There is another quote in the Unfinish Tales that i don´t have in english but they are called Alatar and Pallando again.

So the quotes aren´t contradictory, they are complementary and there is no doubt about their names: Alatar and Pallando.

Greetings.


----------



## Gil-Galad (Sep 7, 2002)

Lhunithiliel,I agree with Ceorl too.While the five Maiar lived in Valinor they were really faithful.But with human bodies they weren't protected from the "human"weakness.I mean that they would go in power of the evil(as Saruman did)or they would lose or forget their real aim(like Radagast who prefered to spend his time with the animals and the whole nature).That's why Saruman became "bad" long after he had arrived in ME.


----------



## Grond (Sep 12, 2002)

> _Originally posted by Edhel-dûr _
> *There is an interesting note of C.Tolkien about the fragment of the Peoples of Middle Earth:
> 
> "There are clear evidences of confusion(as he said at one point, `my memory is no longer retentive´); but there are elements in them that are of much interest and should be recorded."(Last Writtings)
> ...


Alatar is mentioned four times in UT and Pallando is mentioned five times. The fact that they are mentioned more often gives no more credence as it simply provides filler information concerning their affiliation with their particular Vala and their own special friendship. I also see it as no more definitive than the Last Writings in HoMe XII because neither work was published during the author's lifetime. What we have is the son, CT trying to make sense of the writings of his father. It should be noted that Last Writings were written much later than the sections in UT and as such would likely reflect JRRT's later decisions.


----------



## Ithrynluin (Sep 12, 2002)

> _Originally posted by Lhunithiliel _
> *
> 
> So, if these two came to ME WITH  Curunir (Saruman) could we possibly expect that they were in fact Saruman's allies, under his command and therefore - they could have well failed to fulfill the task they had been initially sent with, because they actually had accepted to serve Saruman's aims. *



I wouldn't go that far,Saruman is powerful,but doesn't possess such supreme power as to draw 2 maiar (one of them,Allatar I think,was supposedly very very powerful) to himself and even command them.
I agree with Tolkien - the Ithryn Luin succeeded in their task,whatever it was...


----------



## Grond (Sep 12, 2002)

> _Originally posted by ithrynluin _
> *I wouldn't go that far,Saruman is powerful,but doesn't possess such supreme power as to draw 2 maiar (one of them,Allatar I think,was supposedly very very powerful) to himself and even command them.
> I agree with Tolkien - the Ithryn Luin succeeded in their task,whatever it was... *


LOL! Depends on whether you believe J. R. R. T. when he wrote this...

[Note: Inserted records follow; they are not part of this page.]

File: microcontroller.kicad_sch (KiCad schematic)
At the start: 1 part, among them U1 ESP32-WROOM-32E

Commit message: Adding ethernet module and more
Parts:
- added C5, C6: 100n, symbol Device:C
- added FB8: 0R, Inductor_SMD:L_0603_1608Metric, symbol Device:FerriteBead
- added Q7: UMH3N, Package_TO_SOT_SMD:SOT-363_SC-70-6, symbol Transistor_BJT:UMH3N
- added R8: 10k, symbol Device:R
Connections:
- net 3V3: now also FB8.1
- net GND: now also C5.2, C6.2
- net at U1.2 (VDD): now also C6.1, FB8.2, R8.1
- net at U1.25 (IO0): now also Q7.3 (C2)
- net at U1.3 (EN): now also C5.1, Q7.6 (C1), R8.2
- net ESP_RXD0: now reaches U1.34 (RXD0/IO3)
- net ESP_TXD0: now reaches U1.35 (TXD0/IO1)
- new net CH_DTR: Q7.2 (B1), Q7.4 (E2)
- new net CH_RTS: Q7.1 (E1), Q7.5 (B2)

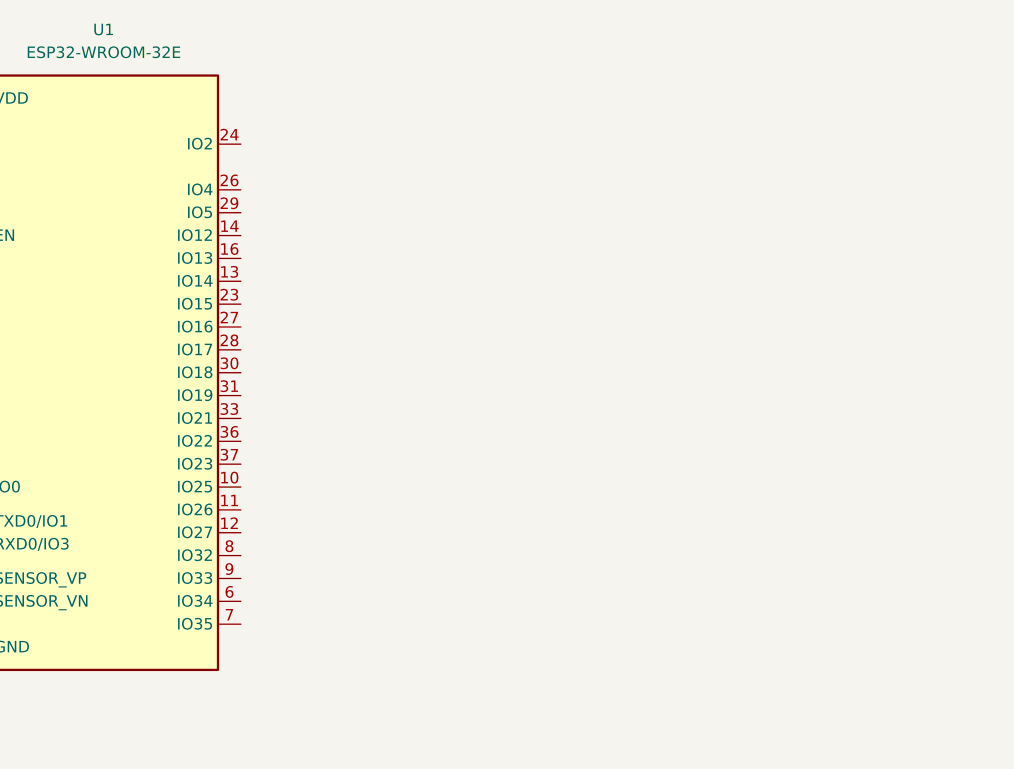
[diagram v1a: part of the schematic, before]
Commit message: Ethernet progress, 40pin connector, save progress
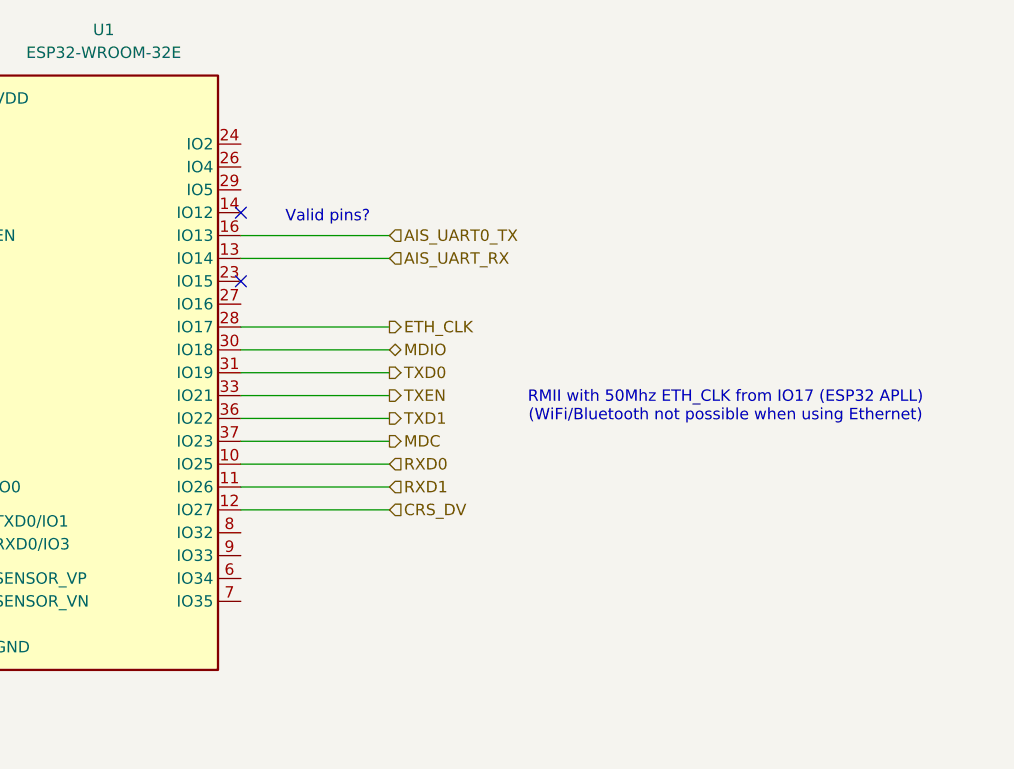
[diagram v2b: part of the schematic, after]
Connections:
- net RXD0: now reaches U1.10 (IO25)
- net RXD1: now reaches U1.11 (IO26)
- net CRS_DV: now reaches U1.12 (IO27)
- net AIS_UART_RX: now reaches U1.13 (IO14)
- net AIS_UART0_TX: now reaches U1.16 (IO13)
- net ETH_CLK: now reaches U1.28 (IO17)
- net MDIO: now reaches U1.30 (IO18)
- net TXD0: now reaches U1.31 (IO19)
- net TXEN: now reaches U1.33 (IO21)
- net TXD1: now reaches U1.36 (IO22)
- net MDC: now reaches U1.37 (IO23)
- no-connect marks 0 -> 2
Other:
- note added: "RMII with 50Mhz ETH_CLK from IO17 (ESP32 APLL) (WiFi/Bluetooth not possible when using Ethernet)"
- note added: "Valid pins?"
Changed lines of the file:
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@@
 	(generator_version "10.0")
 	(paper "A4")
+	(text "RMII with 50Mhz ETH_CLK from IO17 (ESP32 APLL)\n(WiFi/Bluetooth not possible when using Ethernet)"
+		(exclude_from_sim no)
+		(at 215.138 95.25 0)
+		(effects
+			(font
+				(size 1.27 1.27)
+			)
+		)
+	)
+	(text "Valid pins?"
+		(exclude_from_sim no)
+		(at 170.942 74.168 0)
+		(effects
+			(font
+				(size 1.27 1.27)
+			)
+		)
+	)
 	(junction
 		(at 41.91 82.55)
@@
 		(color 0 0 0 0)
 	)
+	(no_connect
+		(at 161.29 73.66)
+	)
+	(no_connect
+		(at 161.29 81.28)
+	)
 	(wire
 		(pts
@@
 	(wire
 		(pts
+			(xy 161.29 99.06) (xy 177.8 99.06)
+		)
+		(stroke
+			(width 0)
+			(type default)
+		)
+	)
+	(wire
+		(pts
 			(xy 80.01 60.96) (xy 34.29 60.96)
 		)
@@
 	(wire
 		(pts
+			(xy 161.29 96.52) (xy 177.8 96.52)
+		)
+		(stroke
+			(width 0)
+			(type default)
+		)
+	)
+	(wire
+		(pts
 			(xy 116.84 81.28) (xy 116.84 76.2)
 		)
@@
 	(wire
 		(pts
+			(xy 161.29 93.98) (xy 177.8 93.98)
+		)
+		(stroke
+			(width 0)
+			(type default)
+		)
+	)
+	(wire
+		(pts
 			(xy 66.04 77.47) (xy 66.04 76.2)
 		)
@@
 	(wire
 		(pts
+			(xy 161.29 101.6) (xy 177.8 101.6)
+		)
+		(stroke
+			(width 0)
+			(type default)
+		)
+	)
+	(wire
+		(pts
+			(xy 161.29 76.2) (xy 177.8 76.2)
+		)
+		(stroke
+			(width 0)
+			(type default)
+		)
+	)
+	(wire
+		(pts
+			(xy 161.29 106.68) (xy 177.8 106.68)
+		)
+		(stroke
+			(width 0)
+			(type default)
+		)
+	)
+	(wire
+		(pts
 			(xy 66.04 88.9) (xy 40.64 88.9)
 		)
@@
 	(wire
 		(pts
+			(xy 161.29 91.44) (xy 177.8 91.44)
+		)
+		(stroke
+			(width 0)
+			(type default)
+		)
+	)
+	(wire
+		(pts
 			(xy 34.29 110.49) (xy 130.81 110.49)
 		)
@@
 	(wire
 		(pts
+			(xy 161.29 78.74) (xy 177.8 78.74)
+		)
+		(stroke
+			(width 0)
+			(type default)
+		)
+	)
+	(wire
+		(pts
 			(xy 66.04 92.71) (xy 66.04 91.44)
 		)
@@
 	(wire
 		(pts
+			(xy 161.29 88.9) (xy 177.8 88.9)
+		)
+		(stroke
+			(width 0)
+			(type default)
+		)
+	)
+	(wire
+		(pts
+			(xy 161.29 104.14) (xy 177.8 104.14)
+		)
+		(stroke
+			(width 0)
+			(type default)
+		)
+	)
+	(wire
+		(pts
 			(xy 34.29 121.92) (xy 123.19 121.92)
 		)
@@
 	(wire
 		(pts
+			(xy 161.29 86.36) (xy 177.8 86.36)
+		)
+		(stroke
+			(width 0)
+			(type default)
+		)
+	)
+	(wire
+		(pts
 			(xy 40.64 97.79) (xy 55.88 97.79)
 		)
@@
 		)
 	)
+	(hierarchical_label "AIS_UART0_TX"
+		(shape input)
+		(at 177.8 76.2 0)
+		(effects
+			(font
+				(size 1.27 1.27)
+			)
+			(justify left)
+		)
+	)
+	(hierarchical_label "AIS_UART_RX"
+		(shape input)
+		(at 177.8 78.74 0)
+		(effects
+			(font
+				(size 1.27 1.27)
+			)
+			(justify left)
+		)
+	)
+	(hierarchical_label "TXD0"
+		(shape output)
+		(at 177.8 91.44 0)
+		(effects
+			(font
+				(size 1.27 1.27)
+			)
+			(justify left)
+		)
+	)
+	(hierarchical_label "ETH_CLK"
+		(shape output)
+		(at 177.8 86.36 0)
+		(effects
+			(font
+				(size 1.27 1.27)
+			)
+			(justify left)
+		)
+	)
 	(hierarchical_label "CH_RTS"
 		(shape output)
@@
 		)
 	)
+	(hierarchical_label "RXD1"
+		(shape input)
+		(at 177.8 104.14 0)
+		(effects
+			(font
+				(size 1.27 1.27)
+			)
+			(justify left)
+		)
+	)
+	(hierarchical_label "CRS_DV"
+		(shape input)
+		(at 177.8 106.68 0)
+		(effects
+			(font
+				(size 1.27 1.27)
+			)
+			(justify left)
+		)
+	)
+	(hierarchical_label "TXD1"
+		(shape output)
+		(at 177.8 96.52 0)
+		(effects
+			(font
+				(size 1.27 1.27)
+			)
+			(justify left)
+		)
+	)
 	(hierarchical_label "ESP_RXD0"
 		(shape input)
@@
 		)
 	)
+	(hierarchical_label "MDIO"
+		(shape bidirectional)
+		(at 177.8 88.9 0)
+		(effects
+			(font
+				(size 1.27 1.27)
+			)
+			(justify left)
+		)
+	)
 	(hierarchical_label "3V3"
 		(shape input)
@@
 		)
 	)
+	(hierarchical_label "TXEN"
+		(shape output)
+		(at 177.8 93.98 0)
+		(effects
+			(font
+				(size 1.27 1.27)
+			)
+			(justify left)
+		)
+	)
 	(hierarchical_label "CH_DTR"
 		(shape input)
@@
 		)
 	)
+	(hierarchical_label "RXD0"
+		(shape input)
+		(at 177.8 101.6 0)
+		(effects
+			(font
+				(size 1.27 1.27)
+			)
+			(justify left)
+		)
+	)
+	(hierarchical_label "MDC"
+		(shape output)
+		(at 177.8 99.06 0)
+		(effects
+			(font
+				(size 1.27 1.27)
+			)
+			(justify left)
+		)
+	)

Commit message: NMEA0183 and NMEA2000 schematics
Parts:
- added R59: 0R, Resistor_SMD:R_0603_1608Metric, symbol Device:R
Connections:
- net at U1.14 (IO12): now also R59.1
- net MODEM_RX: now reaches U1.26 (IO4)
- net MODEM_TX: now reaches U1.27 (IO16)
- net MODEM_DTR: now reaches U1.4 (SENSOR_VP)
- net CAN_TX: now reaches U1.6 (IO34)
- net CAN_RX: now reaches U1.7 (IO35)
- net NMEA0183_TX: now reaches U1.8 (IO32)
- net NMEA0183_RX: now reaches U1.9 (IO33)
- net AIS_UART_RX renamed AIS_UART0_RX
- new net MODEM_PWR: R59.2
- no-connect marks 2 -> 6
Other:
- note added: "Optional for future design"
- note added: "strapping pin"
- note added: "| Pin | Default | Description | | --- | --- | --- | | IO5 | Pull-up | Voltage level of IO5 and IO15 affects the timing of SDIO Slave. | | IO0 | Pull-up | Pull LOW to enter download mode. | | IO2 | Pull-down | IO0 and IO2 together will make ESP32 enter download mode. | | IO12 (MTDI) | Pull-down | Pull HIGH and ESP32 will fail to boot normally. | | IO15 (MTDO) | Pull-up | Pull LOW to disable debug 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"
- note removed: "Valid pins?"

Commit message: Clean up and testpoints
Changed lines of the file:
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@@
 	(text "RMII with 50Mhz ETH_CLK from IO17 (ESP32 APLL)\n(WiFi/Bluetooth not possible when using Ethernet)"
 		(exclude_from_sim no)
-		(at 215.138 95.25 0)
+		(at 216.916 86.614 0)
 		(effects
 			(font

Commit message: Layout save
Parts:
- C5, C6: footprint (none) -> Capacitor_SMD:C_0603_1608Metric
- R8: footprint (none) -> Resistor_SMD:R_0603_1608Metric
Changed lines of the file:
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@@
 			)
 		)
-		(property "Footprint" ""
+		(property "Footprint" "Resistor_SMD:R_0603_1608Metric"
 			(at 115.062 68.58 90)
 			(hide yes)
@@
 			)
 		)
-		(property "Footprint" ""
+		(property "Footprint" "Capacitor_SMD:C_0603_1608Metric"
 			(at 103.8352 88.9 0)
 			(hide yes)
@@
 			)
 		)
-		(property "Footprint" ""
+		(property "Footprint" "Capacitor_SMD:C_0603_1608Metric"
 			(at 117.8052 88.9 0)
 			(hide yes)

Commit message: Power layout started
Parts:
- added C36: 10uF, Capacitor_SMD:C_0603_1608Metric, symbol Device:C
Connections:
- net GND: now also C36.2
- net at C6.1, FB8.2, R8.1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: now also C36.1
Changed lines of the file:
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@@
+	)
+	(junction
+		(at 90.17 60.96)
+		(diameter 0)
+		(color 0 0 0 0)
 	)
 	(junction
@@
 	(wire
 		(pts
+			(xy 90.17 81.28) (xy 90.17 60.96)
+		)
+		(stroke
+			(width 0)
+			(type default)
+		)
+	)
+	(wire
+		(pts
 			(xy 161.29 114.3) (xy 177.8 114.3)
 		)
@@
 	(wire
 		(pts
+			(xy 90.17 88.9) (xy 90.17 92.71)
+		)
+		(stroke
+			(width 0)
+			(type default)
+		)
+	)
+	(wire
+		(pts
 			(xy 116.84 76.2) (xy 130.81 76.2)
 		)
@@
 	(wire
 		(pts
+			(xy 90.17 60.96) (xy 102.87 60.96)
+		)
+		(stroke
+			(width 0)
+			(type default)
+		)
+	)
+	(wire
+		(pts
 			(xy 34.29 121.92) (xy 123.19 121.92)
 		)
@@
 	(wire
 		(pts
-			(xy 102.87 60.96) (xy 87.63 60.96)
+			(xy 87.63 60.96) (xy 90.17 60.96)
 		)
 		(stroke
@@
 	)
 	(symbol
+		(lib_id "power:GND")
+		(at 90.17 92.71 0)
+		(unit 1)
+		(body_style 1)
+		(exclude_from_sim no)
+		(in_bom yes)
+		(on_board yes)
+		(in_pos_files yes)
+		(dnp no)
+		(fields_autoplaced yes)
+		(property "Reference" "#PWR076"
+			(at 90.17 99.06 0)
+			(hide yes)
+			(show_name no)
+			(do_not_autoplace no)
+			(effects
+				(font
+					(size 1.27 1.27)
+				)
+			)
+		)
+		(property "Value" "GND"
+			(at 90.17 97.79 0)
+			(show_name no)
+			(do_not_autoplace no)
+			(effects
+				(font
+					(size 1.27 1.27)
+				)
+			)
+		)
+		(property "Footprint" ""
+			(at 90.17 92.71 0)
+			(hide yes)
+			(show_name no)
+			(do_not_autoplace no)
+			(effects
+				(font
+					(size 1.27 1.27)
+				)
+			)
+		)
+		(property "Datasheet" ""
+			(at 90.17 92.71 0)
+			(hide yes)
+			(show_name no)
+			(do_not_autoplace no)
+			(effects
+				(font
+					(size 1.27 1.27)
+				)
+			)
+		)
+		(property "Description" "Power symbol creates a global label with name \"GND\" , ground"
+			(at 90.17 92.71 0)
+			(hide yes)
+			(show_name no)
+			(do_not_autoplace no)
+			(effects
+				(font
+					(size 1.27 1.27)
+				)
+			)
+		)
+		(pin "1"
+		)
+		(instances
+			(project "AIS-Converter"
+				(path "/af2e2bda-c8b0-494b-9cbc-4303d4ae7608/f7b96531-3096-4981-b0a1-7516608a6c61"
+					(reference "#PWR076")
+					(unit 1)
+				)
+			)
+		)
+	)
+	(symbol
 		(lib_id "Device:C")
 		(at 116.84 85.09 0)
@@
 					(unit 1)
 				)
+			)
+		)
+	)
+	(symbol
+		(lib_id "Device:C")
+		(at 90.17 85.09 0)
+		(unit 1)
+		(body_style 1)
+		(exclude_from_sim no)
+		(in_bom yes)
+		(on_board yes)
+		(in_pos_files yes)
+		(dnp no)
+		(fields_autoplaced yes)
+		(property "Reference" "C36"
+			(at 93.98 83.8199 0)
+			(show_name no)
+			(do_not_autoplace no)
+			(effects
+				(font
+					(size 1.27 1.27)
+				)
+				(justify left)
+			)
+		)
+		(property "Value" "10uF"
+			(at 93.98 86.3599 0)
+			(show_name no)
+			(do_not_autoplace no)
+			(effects
+				(font
+					(size 1.27 1.27)
+				)
+				(justify left)
+			)
+		)
+		(property "Footprint" "Capacitor_SMD:C_0603_1608Metric"
+			(at 91.1352 88.9 0)
+			(hide yes)
+			(show_name no)
+			(do_not_autoplace no)
+			(effects
+				(font
+					(size 1.27 1.27)
+				)
+			)
+		)
+		(property "Datasheet" ""
+			(at 90.17 85.09 0)
+			(hide yes)
+			(show_name no)
+			(do_not_autoplace no)
+			(effects
+				(font
+					(size 1.27 1.27)
+				)
+			)
+		)
+		(property "Description" "Unpolarized capacitor"
+			(at 90.17 85.09 0)
+			(hide yes)
+			(show_name no)
+			(do_not_autoplace no)
+			(effects
+				(font
+					(size 1.27 1.27)
+				)
+			)
+		)
+		(pin "1"
+		)
+		(pin "2"
+		)
+		(instances
+			(project "AIS-Converter"
+				(path "/af2e2bda-c8b0-494b-9cbc-4303d4ae7608/f7b96531-3096-4981-b0a1-7516608a6c61"
+					(reference "C36")
+					(unit 1)
+				)

> _from Unfinished Tales, The Istari, Note 3_
> In a letter written in 1958 my father said that he knew nothing clearly about "the other two," since they were not concerned in the history oh the North-west of Middle-earth. "I think," he wrote, "they went as emissaries to distant regions, East and South, far out of Numenorean range: missionaries to enemy-occupied lands, as it were. What success they had I do not know; *but I fear that they failed, as Saruman did, though doubtless in different ways; and I suspect they were founders or beginners of secret cults and 'magic' traditions that outlasted the fall of Sauron."*


or when he wrote this...


> _from The People's of Middle-earth_
> The 'other two' came much earlier, at the same time probably as Glorfindel, when matters became very dangerous in the Second Age. Glorfindel was sent to aid Elrond and was (though not yet said) pre-eminent in the war of Eriador.* But the other two Istari were sent for a different purpose. Morinehtar and Romestamo. Darkness-slayer and East-helper. Their task was to circumvent Sauron: to bring help to the few tribes of Men that had rebelled from Melkor-worship, to stir up rebellion* ... and after his first fall to search out his hiding (in which they failed) and to cause [?dissension and disarray] among the dark East ... who would both in the Second Age and Third Age otherwise have ... outnumbered the West.


Who do you believe??? Tolkien or Tolkien?? LOL!


----------



## HLGStrider (Sep 15, 2002)

I find Tolkien more trustworthy that Tolkien, personally...

As for the name thing, think of how many names Gandalf had. Is it possible that they did have more than one name, one set of which were those mentioned? 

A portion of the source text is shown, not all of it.